# Favorite OS for your VPSes?



## vpsnewb (Jun 5, 2013)

Curious what your favorite operating system for your VPSes is and why. Assuming you're not relying on a control panel that is bound to a specific OS (Like cPanel), what OS do you usually choose and why?

I've always been a fan of Debian, though I can't really say why. I just like it.


----------



## Aldryic C'boas (Jun 5, 2013)

Been using Debian for a little over 16 years.  Won't touch Windows if I can help it.  Only other OS I'll use regularly is Gentoo.


----------



## Mun (Jun 5, 2013)

debian


----------



## Kris (Jun 5, 2013)

CentOS - Started working / learning Linux on servers with RH 6 and RH 7. By the time Red Hat went commercial I was too fimiliar with the OS.. Then CentOS came out, started using that ~ 2005.


----------



## acd (Jun 5, 2013)

Debian on anything I plan on touching inappropriately. FreeBSD on anything micro/single purpose. Desktops tend toward gentoo.


----------



## nunim (Jun 5, 2013)

LEB always seemed like a Debian based community probably because it runs so well on a small vps.


Been running solely Debian for awhile now.


----------



## mikho (Jun 5, 2013)

for VPS I use Debian, even if I'm mostly working with Windows in my day job.


----------



## NodeBytes (Jun 5, 2013)

Centos/Debian/Ubuntu - Depends what I'm doing with it and what I need out of it.


----------



## D. Strout (Jun 5, 2013)

nunim said:


> LEB always seemed like a Debian based community probably because it runs so well on a small vps.
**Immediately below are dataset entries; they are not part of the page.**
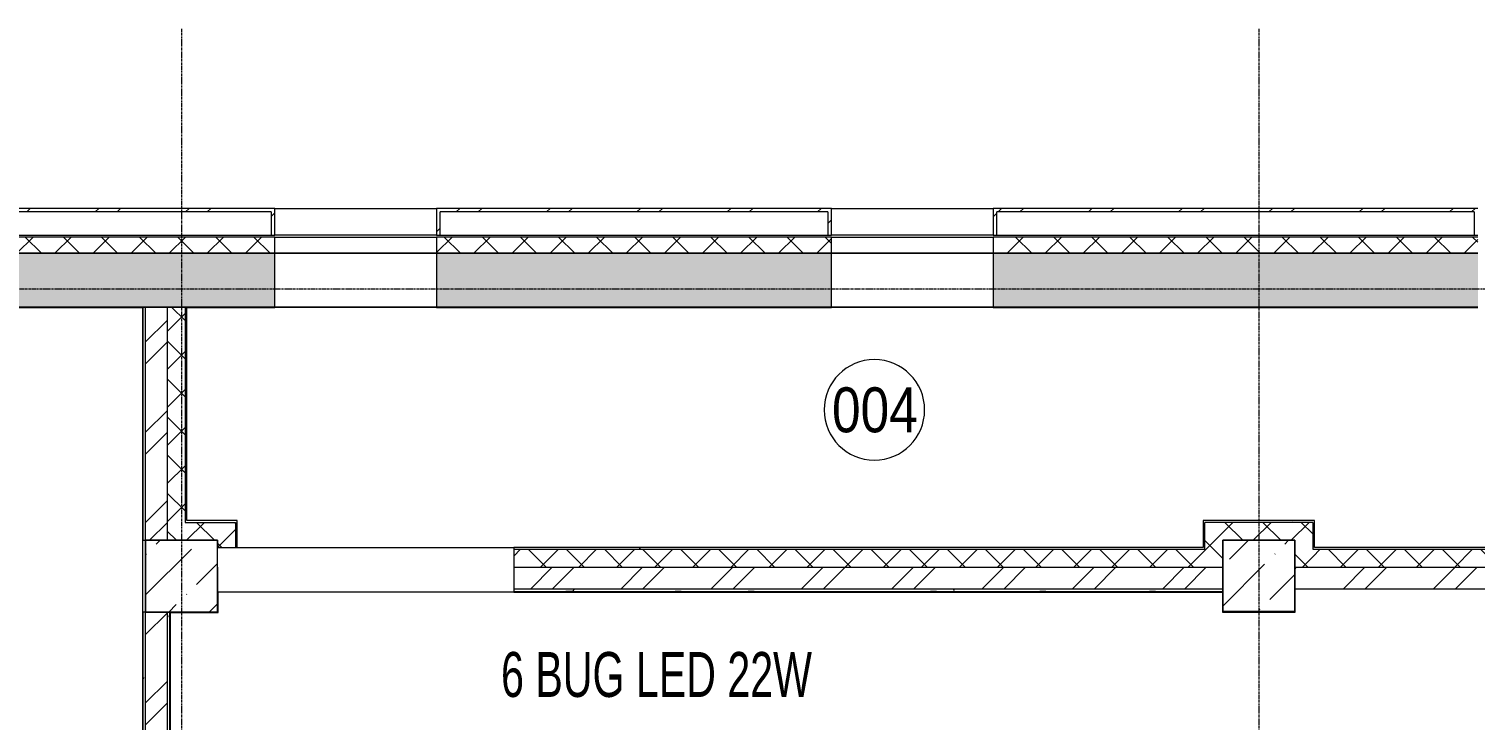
# Model space of a CAD drawing. Header units: metres. Extents: x -93142 to 227756, y -64772 to 286334.
# Drawn here: x 35213 to 43267, y -43187 to -39336 of the extents above; entities that cross this region are included whole.
import ezdxf

# ---------------------------------------------------------------- set-up
doc = ezdxf.new("R2010")
doc.units = ezdxf.units.M
doc.linetypes.add('ADSK_Линия сетки', pattern=[21, 12, -3, 3, -3])
doc.linetypes.add('Сверху_2_', pattern=[3.96875, 2.38125, -1.5875])
for name, color, linetype, lineweight in [('A-AREA-IDEN', 7, 'Continuous', 9), ('A-GLAZ', 7, 'Continuous', 5), ('A-WALL', 7, 'Continuous', 5), ('A-WALL-PATT', 7, 'Continuous', 18), ('I-WALL', 7, 'Continuous', 5), ('nadpisi', 84, 'Continuous', 13), ('S-COLS', 7, 'Continuous', 5), ('S-GRID', 7, 'Continuous', 9), ('ЭЛ', 250, 'Continuous', 50)]:
    doc.layers.add(name, color=color, linetype=linetype, lineweight=lineweight)
doc.styles.add('Arial', font='ARIALN.TTF', dxfattribs={"width": 0.8, "height": 2.5})
doc.styles.add('GOST Common_I_1', font='ARIALN.TTF', dxfattribs={"height": 300})
pattern_1 = [(45, (0, 0), (84.19025, 308.69666), [396.875, -79.375, 3.353, -76.022])]
pattern_2 = [(45, (0, 0), (-251.4472, 251.4472), []), (45, (0, 381), (-251.4472, 251.4472), [])]
pattern_3 = [(0, (0, 0), (812.8, 203.2), [33.528, -576.072, 33.528, -576.072, -3251.2]), (0, (0, 0), (812.8, 203.2), [-1219.2, 33.528, -1185.672, 33.528, -576.072, -1422.4]), (0, (0, 0), (812.8, 203.2), [-3048, 33.528, -372.872, 33.528, -982.472]), (120, (304.8, 101.6), (-582.37636, 602.30545), [33.528, -576.072, 33.528, -576.072, -3251.2]), (120, (304.8, 101.6), (-582.37636, 602.30545), [-1219.2, 33.528, -1185.672, 33.528, -576.072, -1422.4]), (120, (304.8, 101.6), (-582.37636, 602.30545), [-3048, 33.528, -372.872, 33.528, -982.472]), (240, (406.4, 508), (-230.42364, -805.50545), [33.528, -576.072, 33.528, -576.072, -3251.2]), (240, (406.4, 508), (-230.42364, -805.50545), [-1219.2, 33.528, -1185.672, 33.528, -576.072, -1422.4]), (240, (406.4, 508), (-230.42364, -805.50545), [-3048, 33.528, -372.872, 33.528, -982.472])]
pattern_4 = [(45, (0, 0), (-106.06602, 106.06602), []), (135, (0, 0), (-106.06602, -106.06602), [])]

# ---------------------------------------------------------------- blocks, each defined once
blk = doc.blocks.new('Окно-Квадратный проем - 900 x 1200 мм-157618-Цокольный этаж')
at = {"layer": 'A-GLAZ', "lineweight": 20}
for p, q in [((-458.2, -150), (-458.2, 150)), ((441.8, 150), (441.8, -150))]:
    blk.add_line(p, q, dxfattribs=at)
at = {"layer": 'A-GLAZ', "linetype": 'Сверху_2_', "lineweight": 20}
for p, q in [((-458.2, 150), (441.8, 150)), ((441.8, -150), (-458.2, -150))]:
    blk.add_line(p, q, dxfattribs=at)
blk = doc.blocks.new('КДП АПК - КР_rvt-1-Цокольный этаж')
at = {"layer": 'A-WALL-PATT', "lineweight": 15}
h = blk.add_hatch(dxfattribs=at)
h.set_pattern_fill('FP_9', color=256, style=0, pattern_type=2)
h.set_pattern_definition(pattern_1)
h.paths.add_polyline_path([(56645.3, -40245.6), (56645.3, -39945.6), (54732.7, -39945.6), (54732.7, -40245.6)], flags=0)
h.paths.add_polyline_path([(54106.7, -40245.6), (54332.7, -40245.6), (54332.7, -39945.6), (51132.7, -39945.6), (51132.7, -40245.6)], flags=0)
h.paths.add_polyline_path([(50732.7, -40245.6), (50732.7, -39945.6), (47532.7, -39945.6), (47532.7, -40245.6), (50050.9, -40245.6)], flags=0)
h.paths.add_polyline_path([(47132.7, -40245.6), (47132.7, -39945.6), (44182.7, -39945.6), (44182.7, -40245.6), (45995.1, -40245.6)], flags=0)
h.paths.add_polyline_path([(43282.7, -40245.6), (43282.7, -39945.6), (40582.7, -39945.6), (40582.7, -40245.6), (41939.3, -40245.6)], flags=0)
h.paths.add_polyline_path([(39682.7, -40245.6), (39682.7, -39945.6), (37482.7, -39945.6), (37482.7, -40245.6), (37883.4, -40245.6)], flags=0)
h.paths.add_polyline_path([(36582.7, -40245.6), (36582.7, -39945.6), (33882.7, -39945.6), (33882.7, -40245.6)], flags=0)
h.paths.add_polyline_path([(32982.7, -40245.6), (32982.7, -39945.6), (32462.7, -39945.6), (32462.7, -40245.6)], flags=0)
at = {"layer": 'S-COLS', "lineweight": 15}
h = blk.add_hatch(dxfattribs=at)
h.set_pattern_fill('FP_9', color=256, style=0, pattern_type=2)
h.set_pattern_definition(pattern_1)
h.paths.add_polyline_path([(36262.7, -41945.6), (36262.7, -41545.6), (35862.7, -41545.6), (35862.7, -41945.6)], flags=0)
h = blk.add_hatch(dxfattribs=at)
h.set_pattern_fill('FP_9', color=256, style=0, pattern_type=2)
h.set_pattern_definition(pattern_1)
h.paths.add_polyline_path([(41862.7, -41945.6), (42262.7, -41945.6), (42262.7, -41545.6), (41862.7, -41545.6), (41862.7, -41785.3)], flags=0)
at = {"layer": 'I-WALL', "lineweight": 15}
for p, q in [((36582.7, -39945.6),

Very similar, but I use Ubuntu. All the advantages, but with more frequent releases and more up-to-date software. I've tried Debian, but I found that certain little inconsistencies kept bothering me, so I switched back. I originally started using Ubuntu on the desktop, so I was familiar with the commands when I started using VPSes.


----------



## wdq (Jun 5, 2013)

I use a mix of Debian and Ubuntu systems on my servers primarily because I am most familiar with them because I ran Ubuntu on one of my desktops at home for a couple of years.


----------



## DaringHost (Jun 5, 2013)

I've been using CentOS since the beginning and it's definitely my favorite. The runner up would be Ubuntu though, since I do use it on one of my desktops.


----------



## fusa (Jun 5, 2013)

Ubuntu for desktops, CentOS/Debian for servers


----------



## Tux (Jun 5, 2013)

Pure-bred Debian. Server and desktop.

Less tech-savvy family use Apple products ( ), Ubuntu and/or Winblow$.


----------



## arieonline (Jun 5, 2013)

vote for Debian


----------



## drmike (Jun 5, 2013)

+1 for Debian.


----------



## texteditor (Jun 5, 2013)

Debian, just like on everything else


----------



## thuvienvps (Jun 5, 2013)

Debian 6 32 bit Minimal, sometimes Ubuntu 12.04 LTS 32 bit


----------



## bigcat (Jun 5, 2013)

My vote goes to Ubuntu, simply because when I started using Linux some 7 years ago, Ubuntu community was really helpful with tutorial and guidance. Let just say I feel like home when using it. But Debian, Ubuntu and CentOS is compulsory template when I'm shopping for VPS.


----------



## wlanboy (Jun 6, 2013)

Ubuntu LTS. I do not want to switch between different Linux distributions. One os for all latoops and vps.


----------



## eva2000 (Jun 7, 2013)

CentOS (for obvious reasons  ) and Oracle Linux


----------



## Shados (Jun 7, 2013)

Arch, because I like to live on the edge .


----------



## vanarp (Jun 7, 2013)

Ubuntu 12.04 LTS 32-bit


----------



## johnlth93 (Jun 7, 2013)

debian since i started around a year ago


----------



## concerto49 (Jun 7, 2013)

SmartOS


----------



## Mike (Jun 7, 2013)

CentOS for anything server related.  Used it for over 12 years so just seems right to continue using it.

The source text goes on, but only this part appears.